Task goal >> I need the lines below from the one with "(-4.21, 0) L2" down to the one with "point P0 (3.5, 0)" reproduced exactly, both ends included, and nothing else.

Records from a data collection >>
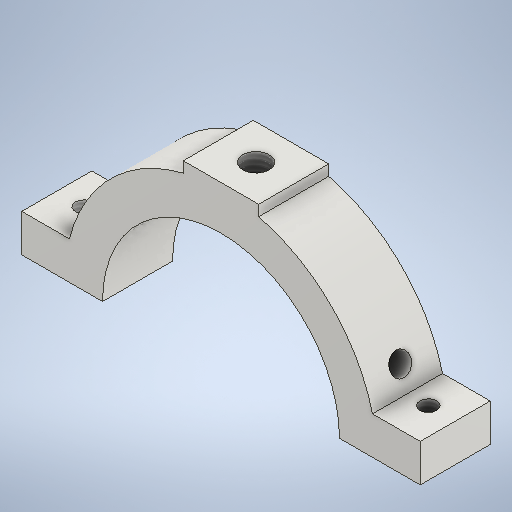
# Autodesk Inventor part: 29 - Sheave Strap 1
Saved by Autodesk Inventor 2025.2 (Build 292293000, 293)
## iProperties
Created: 2025-07-30
Part Number: 29 - Sheave Strap 1
Material: Steel AISI 1020 107 HR
Document SubType Name: Modeling
Designer: bless
Density: 7.87 g/cm^3
Appearance: Steel
Author: bless
Autodesk Inventor part; units mm, degrees
ref_plane "YZ Plane" through (0, 0, 0) normal (1, 0, 0) x (0, 1, 0)
ref_plane "XZ Plane" through (0, 0, 0) normal (0, 1, 0) x (-1, 0, 0)
sketch "Sketch1" plane through (0, 0, 0) normal (0, 0, 1) x (1, 0, 0)
  arc A0 (11, 0) -> (-11, 0) centre (0, 0) ccw
  arc A1 (14.0712, 3.5) -> (-14.0712, 3.5) centre (0, 0) ccw
  line L0 (-11, 0) -> (-18.5, 0)
  line L1 (-18.5, 0) -> (-18.5, 3.5)
  line L2 (11, 0) -> (18.5, 0)
  line L3 (18.5, 0) -> (18.5, 3.5)
  line L4 (-18.5, 3.5) -> (-14.0712, 3.5)
  line L5 (18.5, 3.5) -> (14.0712, 3.5)
  line L6 (-3.5, 15.0712) -> (3.5, 15.0712)
  line L7 (3.5, 15.0712) -> (3.5, 14.0712)
  line L8 (-3.5, 15.0712) -> (-3.5, 14.0712)
  point P0 (0, 15.0712)
  dimension "d2" = 11
  dimension "d3" = 14.5
  dimension "d4" = 7.5
  dimension "d5" = 3.5
  dimension "d6" = 18.5
  dimension "d7" = 7
  dimension "d8" = 1
  constraints: 18 end point, 6 point on circle, 4 horizontal, 3 equal length, 2 centre point, 2 coincident, 2 perpendicular, 1 midpoint, 1 parallel, 1 point on line, 1 vertical, 1 vertical alignment
  measures "d2" radius of A0
  measures "d3" radius of A1
  measures "d4" distance of L0.start L0.end
  measures "d5" distance of L2.end L3.end
  measures "d6" distance from line of L1 point (0, 0)
  measures "d7" distance of L6.start L6.end
  measures "d8" distance of L6.end L7.end
extrude "Extrusion1" add sketch "Sketch1" along normal blind 6.5
sketch "Sketch2" plane through (0, 0, 6.5) normal (0, 0, 1) x (1, 0, 0)
  line L0 (-18.5, 3.5) -> (-18.5, 0) projected
  line L1 (-18.5, 0) -> (-11, 0) projected
  arc A0 (11, 0) -> (-11, 0) centre (0, 0) ccw projected
  line L2 (11, 0) -> (18.5, 0) projected
  line L3 (18.5, 0) -> (18.5, 3.5) projected
  line L4 (18.5, 3.5) -> (14.0712, 3.5) projected
  arc A1 (14.0712, 3.5) -> (3.5, 14.0712) centre (0, 0) ccw projected
  line L5 (3.5, 14.0712) -> (3.5, 15.0712) projected
  line L6 (3.5, 15.0712) -> (-3.5, 15.0712) projected
  line L7 (-3.5, 15.0712) -> (-3.5, 14.0712) projected
  arc A2 (-3.5, 14.0712) -> (-14.0712, 3.5) centre (0, 0) ccw projected
  line L8 (-14.0712, 3.5) -> (-18.5, 3.5) projected
  line L9 (0, 0) -> (18.5, 0)
  line L10 (0, 0) -> (23.4857, 9.7281)
  dimension "d11" = 22.5
  constraints: 4 end point, 1 horizontal
  measures "d11" angle of L9 L10
ref_plane "Work Plane2" through (11.866, 9.4714, 3.25) normal (0.9239, 0.3827, 0) x (-0.3827, 0.9239, 0)
ref_plane "Work Plane1" through (-11, 0, 3.25) normal (0.9239, 0.3827, 0) x (-0.3827, 0.9239, 0)
sketch "Sketch3" plane through (11.866, 9.4714, 3.25) normal (0.9239, 0.3827, 0) x (-0.3827, 0.9239, 0)
  line L0 (-4.2095, 3.25) -> (-11.2892, 3.25) projected
  line L1 (-6.3608, -3.25) -> (7.4512, -3.25) projected
  line L2 (7.4512, -3.25) -> (7.4512, 3.25) projected
  line L3 (-6.3608, 3.25) -> (7.4512, 3.25) projected
  line L4 (-6.3608, -3.25) -> (-6.3608, 3.25) projected
  line L5 (-11.2892, -3.25) -> (-8.0556, -3.25) projected
  line L6 (-8.0556, -3.25) -> (-8.0556, 3.25) projected
  line L7 (-11.2892, 3.25) -> (-8.0556, 3.25) projected
  line L8 (-11.2892, -3.25) -> (-11.2892, 3.25) projected
  line L9 (-8.0556, -3.25) -> (-6.3608, -3.25) projected
  line L10 (-6.3608, -3.25) -> (-6.3608, 3.25) projected
  line L11 (-8.0556, 3.25) -> (-6.3608, 3.25) projected
  line L12 (-8.0556, -3.25) -> (-8.0556, 3.25) projected
  point P0 (-4.2095, -3.25)
  point P1 (-4.2095, 0)
  point P2 (-4.2095, 3.25)
  dimension "d13" = 3.25
  dimension "d14" = 11.6608
  measures "d13" distance from line of L1 point (-4.21, 0)
  measures "d14" distance from line of point (-4.21, 0) L2
hole "Hole1" at (13.4769, 5.5823, 3.25) direction (-0.9239, -0.3827, 0) diameter 2 end through all
sketch "Sketch4" plane through (-3.5, 15.0712, 0) normal (0, 1, 0) x (1, 0, 0)
  line L0 (7, 0) -> (0, 0) projected
  line L1 (-15, 0) -> (-15, -6.5) projected
  point P0 (3.5, 0)
  point P1 (3.5, -3.25)
  point P2 (-15, -3.25)
  dimension "d22" = 18.5
  dimension "d23" = 3.25
  constraints: 1 midpoint
  measures "d22" distance of point (-15, -3.25) point (3.5, -3.25)
  measures "d23" distance from line of point (3.5, -3.25) L0
hole "Hole2" at (0, 15.0712, 3.25) direction (0, -1, 0) diameter 2.459 end through all thread size "M3x0.5" class "6H" standard "ANSI Metric M Profile"
sketch "Sketch5" plane through (-18.5, 3.5, 0) normal (0, 1, 0) x (1, 0, 0)
  line L0 (4.4288, 0) -> (0, 0) projected
  line L1 (0, 0) -> (0, -6.5) projected
  line L2 (37, 0) -> (37, -6.5) projected
  line L3 (37, 0) -> (32.5712, 0) projected
  point P0 (18.5, 0)
  point P1 (2.5, -3.25)
  point P2 (34.5, -3.25)
  point P3 (0, -3.25)
  dimension "d31" = 2.5
  dimension "d32" = 2.5
  dimension "d33" = 3.25
  dimension "d34" = 3.25
  constraints: 1 midpoint
  measures "d31" distance from line of L2 point (34.5, -3.25)
  measures "d32" distance of point (0, -3.25) point (2.5, -3.25)
  measures "d33" distance from line of point (34.5, -3.25) L3
  measures "d34" distance from line of L0 point (2.5, -3.25)
hole "Hole3" at (-16, 3.5, 3.25) at (16, 3.5, 3.25) direction (0, -1, 0) diameter 1.567 end through all thread size "M2x0.4" class "6H" standard "ANSI Metric M Profile"
body "Solid1"
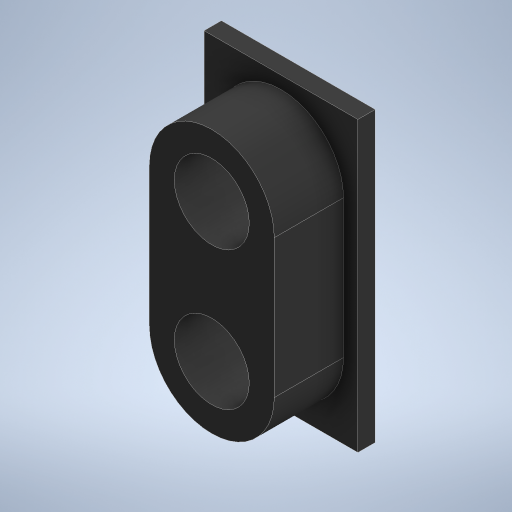
# Autodesk Inventor part: Double_Steckdose
Saved by Autodesk Inventor 2024 (Build 280153000, 153)
## iProperties
Created: 2026-05-31
Part Number: Double_Steckdose
Material: Gummi
Document SubType Name: Modeling
Designer: maxim
Density: 0.93 g/cm^3
Appearance: Gummi - Schwarz
Author: maxim
Autodesk Inventor part; units mm, degrees
ref_plane "YZ Plane" through (0, 0, 0) normal (1, 0, 0) x (0, 1, 0)
ref_plane "XZ Plane" through (0, 0, 0) normal (0, 1, 0) x (-1, 0, 0)
ref_plane "XY Plane" through (0, 0, 0) normal (0, 0, 1) x (1, 0, 0)
sketch "Skizze1" plane through (0, 0, 0) normal (0, 1, 0) x (-1, 0, 0)
  line L0 (0, 0) -> (80, 0)
  line L1 (80, 0) -> (80, -150)
  line L2 (80, -150) -> (0, -150)
  line L3 (0, -150) -> (0, 0)
  dimension "d0" = 80
  dimension "d1" = 150
  constraints: 8 end point, 2 parallel, 1 horizontal, 1 perpendicular
  measures "d0" distance of L1.end L2.end
  measures "d1" distance of L0.end L1.end
extrude "Extrusion1" add sketch "Skizze1" along normal blind 10
sketch "Skizze2" plane through (0, 10, 0) normal (0, 1, 0) x (1, 0, 0)
  circle A0 centre (-40, 39) radius 19.5
  line L0 (-80, 0) -> (0, 0) projected
  line L1 (0, 150) -> (-80, 150) projected
  line L2 (-80, 150) -> (-80, 0) projected
  line L3 (-80, 75) -> (0, 75)
  circle A1 centre (-40, 111) radius 19.5
  dimension "d4" = 39
  dimension "d5" = 72
  constraints: 2 centre point, 2 end point, 1 horizontal, 1 midpoint, 1 symmetric about line, 1 other
  measures "d4" diameter of A0
  measures "d5" diameter of A0.centre L3
extrude "Extrusion2" cut sketch "Skizze2" against normal blind 10
sketch "Skizze3" plane through (0, 0, 0) normal (0, -1, 0) x (1, 0, 0)
  circle A0 centre (-40, -111) radius 19.5 projected
  circle A1 centre (-40, -39) radius 19.5 projected
  line L0 (-40, -111) -> (-40, -39) construction
  line L1 (-7.5, -111) -> (-7.5, -39)
  line L2 (-72.5, -39) -> (-72.5, -111)
  arc A2 (-72.5, -111) -> (-7.5, -111) centre (-40, -111) ccw
  arc A3 (-7.5, -39) -> (-72.5, -39) centre (-40, -39) ccw
  point P0 (0, 0)
  point P1 (-40, -75)
  dimension "d8" = 65
  constraints: 8 end point, 4 point on circle, 4 tangent, 2 centre point, 1 midpoint, 1 parallel, 1 vertical
  measures "d8" distance between parallel lines of L1 L2
extrude "Extrusion3" add sketch "Skizze3" along normal blind 36
chamfer "Fasen1" distance 1 angle 45 4 edges at (-80, 10, -75) (-40, 10, -150) (0, 10, -75) (-40, 10, 0)
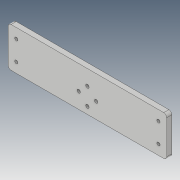
# Autodesk Inventor part: verticalAcrylicMount
Saved by Autodesk Inventor 2018 (Build 220112000, 112)
## iProperties
Created: 2020-02-23
Part Number: verticalAcrylicMount
Material: Generic
Document SubType Name: Modeling
Designer: anirudh
Density: 1 g/cm^3
Appearance: Default
Author: anirudh
Autodesk Inventor part; units mm, degrees
ref_plane "YZ Plane" through (0, 0, 0) normal (1, 0, 0) x (0, 1, 0)
ref_plane "XZ Plane" through (0, 0, 0) normal (0, 1, 0) x (-1, 0, 0)
ref_plane "XY Plane" through (0, 0, 0) normal (0, 0, 1) x (1, 0, 0)
sketch "Sketch1" plane through (0, 0, 0) normal (0, 0, 1) x (1, 0, 0)
  line L0 (0, 0) -> (149.225, 0)
  line L1 (149.225, 0) -> (149.225, -43.1292)
  line L2 (149.225, -43.1292) -> (0, -43.1292)
  line L3 (0, -43.1292) -> (0, 0)
  circle A0 centre (65.1125, -26.01) radius 1.85
  circle A1 centre (65.1125, -26.01) radius 1.85
  circle A2 centre (74.6125, -35.51) radius 1.85
  circle A3 centre (74.6125, -35.51) radius 1.85
  circle A4 centre (84.1125, -26.01) radius 1.85
  circle A5 centre (84.1125, -26.01) radius 1.85
  circle A6 centre (74.6125, -16.51) radius 1.85
  circle A7 centre (74.6125, -16.51) radius 1.85
  line L4 (0, 0) -> (8.89, 0)
  line L5 (149.225, 0) -> (140.335, 0)
  circle A8 centre (8.89, -10.7823) radius 1.75
  circle A9 centre (8.89, -32.3469) radius 1.75
  circle A10 centre (140.335, -10.7823) radius 1.75
  circle A11 centre (140.335, -32.3469) radius 1.75
  dimension "d0" = 149.225
  dimension "d1" = 43.1292
  dimension "d3" = 8.89
  dimension "d4" = 8.89
  dimension "d5" = 3.5
  dimension "d6" = 3.5
  dimension "d7" = 3.5
  dimension "d8" = 3.5
  constraints: 12 centre point, 12 end point, 4 coincident, 2 parallel, 2 point on line, 1 horizontal, 1 perpendicular
  measures "d0" distance of L1.end L2.end
  measures "d1" distance of L0.end L1.end
  measures "d3" distance of L0.start L4.end
  measures "d4" distance of L0.end L5.end
  measures "d5" diameter of A8
  measures "d6" diameter of A9
  measures "d7" diameter of A10
  measures "d8" diameter of A11
extrude "Extrusion1" add sketch "Sketch1" along normal blind 5.588
sketch "Sketch2" plane through (0, 0, 5.588) normal (0, 0, 1) x (1, 0, 0)
  line L0 (149.225, 0) -> (0, 0) projected
  line L1 (0, 0) -> (-11.4173, 0)
  line L2 (-11.4173, 0) -> (-11.4173, -43.1292)
  line L3 (-11.4173, -43.1292) -> (0, -43.1292)
  line L4 (0, -43.1292) -> (0, 0)
  line L5 (149.225, -43.1292) -> (149.225, 0) projected
  line L6 (149.225, 0) -> (160.6423, 0)
  line L7 (160.6423, 0) -> (160.6423, -43.1292)
  line L8 (160.6423, -43.1292) -> (149.225, -43.1292)
  line L9 (149.225, -43.1292) -> (149.225, 0)
  dimension "d12" = 11.4173
  dimension "d13" = 11.4173
  constraints: 16 end point, 4 parallel, 2 horizontal, 2 perpendicular
  measures "d12" distance of L3.end L2.end
  measures "d13" distance of L7.end L8.end
extrude "Extrusion2" add sketch "Sketch2" against normal blind 5.588
sketch "Sketch3" plane through (0, 0, 5.588) normal (0, 0, 1) x (1, 0, 0)
  line L0 (-11.4173, -43.1292) -> (-11.4173, 0) projected
  circle A0 centre (8.89, -10.7823) radius 1.75 projected
  circle A1 centre (8.89, -32.3469) radius 1.75 projected
  circle A2 centre (140.335, -10.7823) radius 1.75 projected
  circle A3 centre (140.335, -32.3469) radius 1.75 projected
  line L1 (160.6423, 0) -> (160.6423, -43.1292) projected
  circle A4 centre (-2.5273, -10.7823) radius 1.75
  circle A5 centre (-2.5273, -32.3469) radius 1.75
  circle A6 centre (151.7523, -10.7823) radius 1.75
  circle A7 centre (151.7523, -32.3469) radius 1.75
  point P0 (0, 0)
  constraints: 4 centre point
sketch "Sketch4" plane through (0, 0, 5.588) normal (0, 0, 1) x (1, 0, 0)
  circle A0 centre (8.89, -10.7823) radius 1.75 projected
  circle A1 centre (8.89, -10.7823) radius 5.9752
  circle A2 centre (8.89, -32.3469) radius 1.75 projected
  circle A3 centre (8.89, -32.3469) radius 5.6111
  circle A4 centre (140.335, -10.7823) radius 1.75 projected
  circle A5 centre (140.335, -10.7823) radius 4.3927
  circle A6 centre (140.335, -32.3469) radius 1.75 projected
  circle A7 centre (140.335, -32.3469) radius 4.6933
  point P0 (0, 0)
  constraints: 4 centre point, 4 coincident
extrude "Extrusion3" add sketch "Sketch4" against normal blind 5.588 contours A0 | A1 | A2 | A3 | A4 | A5 | A6 | A7
extrude "Extrusion4" cut sketch "Sketch3" against normal blind 62.6745 contours A4 | A5 | A6 | A7
fillet "Fillet2" radius 3.175 4 edges at (-11.4173, -43.1292, 2.794) (-11.4173, 0, 2.794) (160.6423, -43.1292, 2.794) (160.6423, 0, 2.794)
body "Solid1"

Your response >>
  measures "d14" distance from line of point (-4.21, 0) L2
hole "Hole1" at (13.4769, 5.5823, 3.25) direction (-0.9239, -0.3827, 0) diameter 2 end through all
sketch "Sketch4" plane through (-3.5, 15.0712, 0) normal (0, 1, 0) x (1, 0, 0)
  line L0 (7, 0) -> (0, 0) projected
  line L1 (-15, 0) -> (-15, -6.5) projected
  point P0 (3.5, 0)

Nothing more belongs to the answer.